[Collected data]

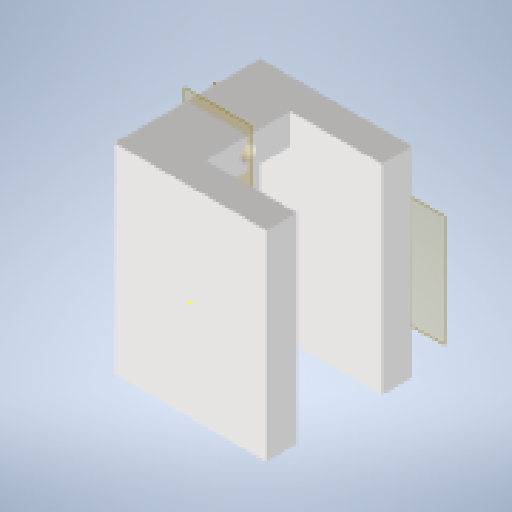
# Autodesk Inventor part: roka4
Saved by Autodesk Inventor 2023.2 (Build 272271000, 271)
## iProperties
Created: 2023-09-06
Part Number: roka4
Material: Generic
Document SubType Name: Modeling
Designer: jebes windows
Density: 1 g/cm^3
Appearance: Default
Author: jebes windows
Autodesk Inventor part; units mm, degrees
ref_plane "YZ Plane" through (0, 0, 0) normal (1, 0, 0) x (0, 1, 0)
ref_plane "XZ Plane" through (0, 0, 0) normal (0, 1, 0) x (-1, 0, 0)
ref_plane "XY Plane" through (0, 0, 0) normal (0, 0, 1) x (1, 0, 0)
ref_plane "Work Plane1" through (0, 0, 0) normal (0, 0, 1) x (1, 0, 0)
sketch "Sketch1" plane through (0, 0, 0) normal (0, 0, 1) x (1, 0, 0)
  line L0 (1.9, -6.45) -> (1.9, -2.8797) projected
  arc A0 (1.9, -2.8797) -> (2.2091, -2.65) centre (0, 0) ccw projected
  line L1 (2.2091, -2.65) -> (14.1591, -1.997) projected
  arc A1 (14.1591, -1.997) -> (14.1591, 1.997) centre (14.05, 0) ccw projected
  line L2 (14.1591, 1.997) -> (2.2091, 2.65) projected
  arc A2 (2.2091, 2.65) -> (1.9, 2.8797) centre (0, 0) ccw projected
  line L3 (1.9, 2.8797) -> (1.9, 6.45) projected
  arc A3 (1.9, 6.45) -> (-1.9, 6.45) centre (0, 6.45) ccw projected
  line L4 (-1.9, 6.45) -> (-1.9, 3.2953) projected
  line L5 (-1.9, 3.2953) -> (-16.6263, 1.9922) projected
  arc A4 (-16.6263, 1.9922) -> (-16.6263, -1.9922) centre (-16.45, 0) ccw projected
  line L6 (-16.6263, -1.9922) -> (-1.9, -3.2953) projected
  line L7 (-1.9, -3.2953) -> (-1.9, -6.45) projected
  arc A5 (-1.9, -6.45) -> (1.9, -6.45) centre (0, -6.45) ccw projected
  circle A6 centre (-14.85, 0) radius 0.6 projected
  circle A7 centre (-16.85, 0) radius 0.6 projected
  circle A8 centre (-12.85, 0) radius 0.6 projected
  circle A9 centre (-10.85, 0) radius 0.6 projected
  circle A10 centre (-8.85, 0) radius 0.6 projected
  circle A11 centre (-6.85, 0) radius 0.6 projected
  circle A12 centre (-4.85, 0) radius 0.6 projected
  circle A13 centre (4.45, 0) radius 0.6 projected
  circle A14 centre (6.45, 0) radius 0.6 projected
  circle A15 centre (8.45, 0) radius 0.6 projected
  circle A16 centre (10.45, 0) radius 0.6 projected
  circle A17 centre (14.45, 0) radius 0.6 projected
  circle A18 centre (12.45, 0) radius 0.6 projected
  circle A19 centre (0, 0) radius 2.3 projected
  circle A20 centre (0, -4.45) radius 0.6 projected
  circle A21 centre (0, -6.45) radius 0.6 projected
  circle A22 centre (0, 4.45) radius 0.6 projected
  circle A23 centre (0, 6.45) radius 0.6 projected
  line L8 (12.5, 16.5) -> (-12.5, 16.5)
  line L9 (-12.5, 16.5) -> (-12.5, -16.5)
  line L10 (-12.5, -16.5) -> (12.5, -16.5)
  line L11 (12.5, -16.5) -> (12.5, 16.5)
  line L12 (12.5, 16.5) -> (-12.5, -16.5) construction
  line L13 (-12.5, 16.5) -> (12.5, -16.5) construction
  point P0 (0, 0)
  dimension "d0" = 25
  dimension "d1" = 33
  constraints: 12 end point, 2 midpoint, 2 parallel, 1 horizontal, 1 perpendicular
  measures "d0" distance of L10.end L9.end
  measures "d1" distance of L9.end L8.end
extrude "Extrusion1" add sketch "Sketch1" along normal blind 5 contours A5 L7 L6 L9 A8 L5 L4 A3 L3 A2 L2 L11 A18 L1 A0 L0 | L0 A0 L1 L11 L10 L9 L6 L7 A5 | A18 L11 | L9 A8 | L2 A2 L3 A3 L4 L5 L9 L8 L11 | A9 | A10 | A11 | A12 | A13 | A14 | A15 | A16 | A19 | A20 | A21 | A22 | A23 picked at (12.2127, -0.0768) picked at (-12.4038, -0.1232)
sketch "Sketch2" plane through (0, 0, 5) normal (0, 0, 1) x (1, 0, 0)
  line L0 (-12.5, 16.5) -> (-12.5, -16.5) projected
  line L1 (-12.5, -16.5) -> (-7.5, -16.5)
  line L2 (-12.5, -16.5) -> (12.5, -16.5) projected
  line L3 (-7.5, -16.5) -> (-7.5, 16.5)
  line L4 (12.5, 16.5) -> (-12.5, 16.5) projected
  line L5 (-12.5, 16.5) -> (-7.5, 16.5)
  line L6 (-12.5, 16.5) -> (-12.5, -16.5)
  point P0 (0, 0)
  dimension "d4" = 5
  constraints: 8 end point, 2 collinear, 2 point on line, 1 perpendicular
  measures "d4" distance of L0.end L1.end
extrude "Extrusion2" add sketch "Sketch2" along normal blind 14
sketch "Sketch3" plane through (-7.5, -16.5, 5) normal (1, 0, 0) x (0, 0, -1)
  line L0 (0, 0) -> (0, 33) projected
  line L1 (0, 0) -> (0, 5)
  line L2 (0, 5) -> (-14, 5)
  line L3 (-14, 33) -> (-14, 0) projected
  line L4 (-14, 0) -> (-14, 5)
  line L5 (5, 0) -> (-14, 0) projected
  line L6 (-14, 0) -> (0, 0)
  line L7 (0, 33) -> (0, 28)
  line L8 (0, 28) -> (-14, 28)
  line L9 (5, 33) -> (-14, 33) projected
  line L10 (-14, 28) -> (-14, 33)
  line L11 (-14, 33) -> (0, 33)
  circle A0 centre (-7, 2.5) radius 1.25
  circle A1 centre (-7, 30.5) radius 1.25
  point P0 (5, 16.5)
  point P1 (-14, 30.5)
  dimension "d7" = 5
  dimension "d8" = 5
  dimension "d9" = 2.5
  dimension "d10" = 2.5
  dimension "d11" = 2.5
  dimension "d12" = 7
  dimension "d13" = 2.5
  dimension "d14" = 7
  constraints: 16 end point, 4 point on line, 2 centre point, 2 collinear, 2 perpendicular, 1 midpoint, 1 vertical
  measures "d7" distance of L0.start L1.end
  measures "d8" distance of L0.end L7.end
  measures "d9" diameter of A0
  measures "d10" diameter of A1
  measures "d11" distance from line of L9 A1.centre
  measures "d12" distance of point (-14, 30.5) A1.centre
  measures "d13" distance from line of L2 A0.centre
  measures "d14" distance from line of L4 A0.centre
extrude "Extrusion3" add sketch "Sketch3" along normal blind 5 contours L5 L3 L2 L0 | L8 L3 L9 L0
sketch "Sketch4" plane through (-7.5, -11.5, 5) normal (1, 0, 0) x (0, 0, -1)
  point P0 (5, 11.5)
sketch "Sketch5" plane through (-7.5, -11.5, 5) normal (1, 0, 0) x (0, 0, -1)
  circle A0 centre (-7, 6) radius 6.25
  circle A1 centre (-7, 12.25) radius 3.25
  line L0 (-14, -5) -> (0, -5) projected
  line L1 (-14, 0) -> (-14, 23) projected
  point P0 (5, 11.5)
  point P1 (-10.1382, 11.405)
  point P2 (-3.8618, 11.405)
  dimension "d17" = 12.5
  dimension "d18" = 6.5
  dimension "d19" = 11
  dimension "d20" = 7
  dimension "d21" = 7
  constraints: 1 centre point, 3 other
  measures "d18" diameter of A1
  measures "d19" distance from line of L0 point (-7, 6)
  measures "d20" distance from line of L1 point (-7, 6)
  measures "d21" distance from line of L1 A1.centre
extrude "Extrusion4" cut sketch "Sketch5" against normal blind 5
ref_plane "Work Plane2" through (0, 0, 12) normal (0, 0, 1) x (1, 0, 0)
mirror "Mirror1" about plane through (0, 0, 12) normal (0, 0, 1) of "Extrusion1"
sketch "Sketch6" plane through (-12.5, 16.5, 24) normal (0, 0, 1) x (1, 0, 0)
  line L0 (25, 0) -> (0, 0) projected
  line L1 (0, 0) -> (0, -33) projected
  line L2 (0, -33) -> (25, -33) projected
  line L3 (25, -33) -> (25, 0) projected
  point P0 (12.5, -16.5)
extrude "Extrusion5" cut sketch "Sketch6" against normal blind 2
body "Solid1"

**WHAT THE TASK REQUIRES:**
Check each line above for the string "contours" and return those that contain it.

**WRITTEN ANSWER:**
extrude "Extrusion1" add sketch "Sketch1" along normal blind 5 contours A5 L7 L6 L9 A8 L5 L4 A3 L3 A2 L2 L11 A18 L1 A0 L0 | L0 A0 L1 L11 L10 L9 L6 L7 A5 | A18 L11 | L9 A8 | L2 A2 L3 A3 L4 L5 L9 L8 L11 | A9 | A10 | A11 | A12 | A13 | A14 | A15 | A16 | A19 | A20 | A21 | A22 | A23 picked at (12.2127, -0.0768) picked at (-12.4038, -0.1232)
extrude "Extrusion3" add sketch "Sketch3" along normal blind 5 contours L5 L3 L2 L0 | L8 L3 L9 L0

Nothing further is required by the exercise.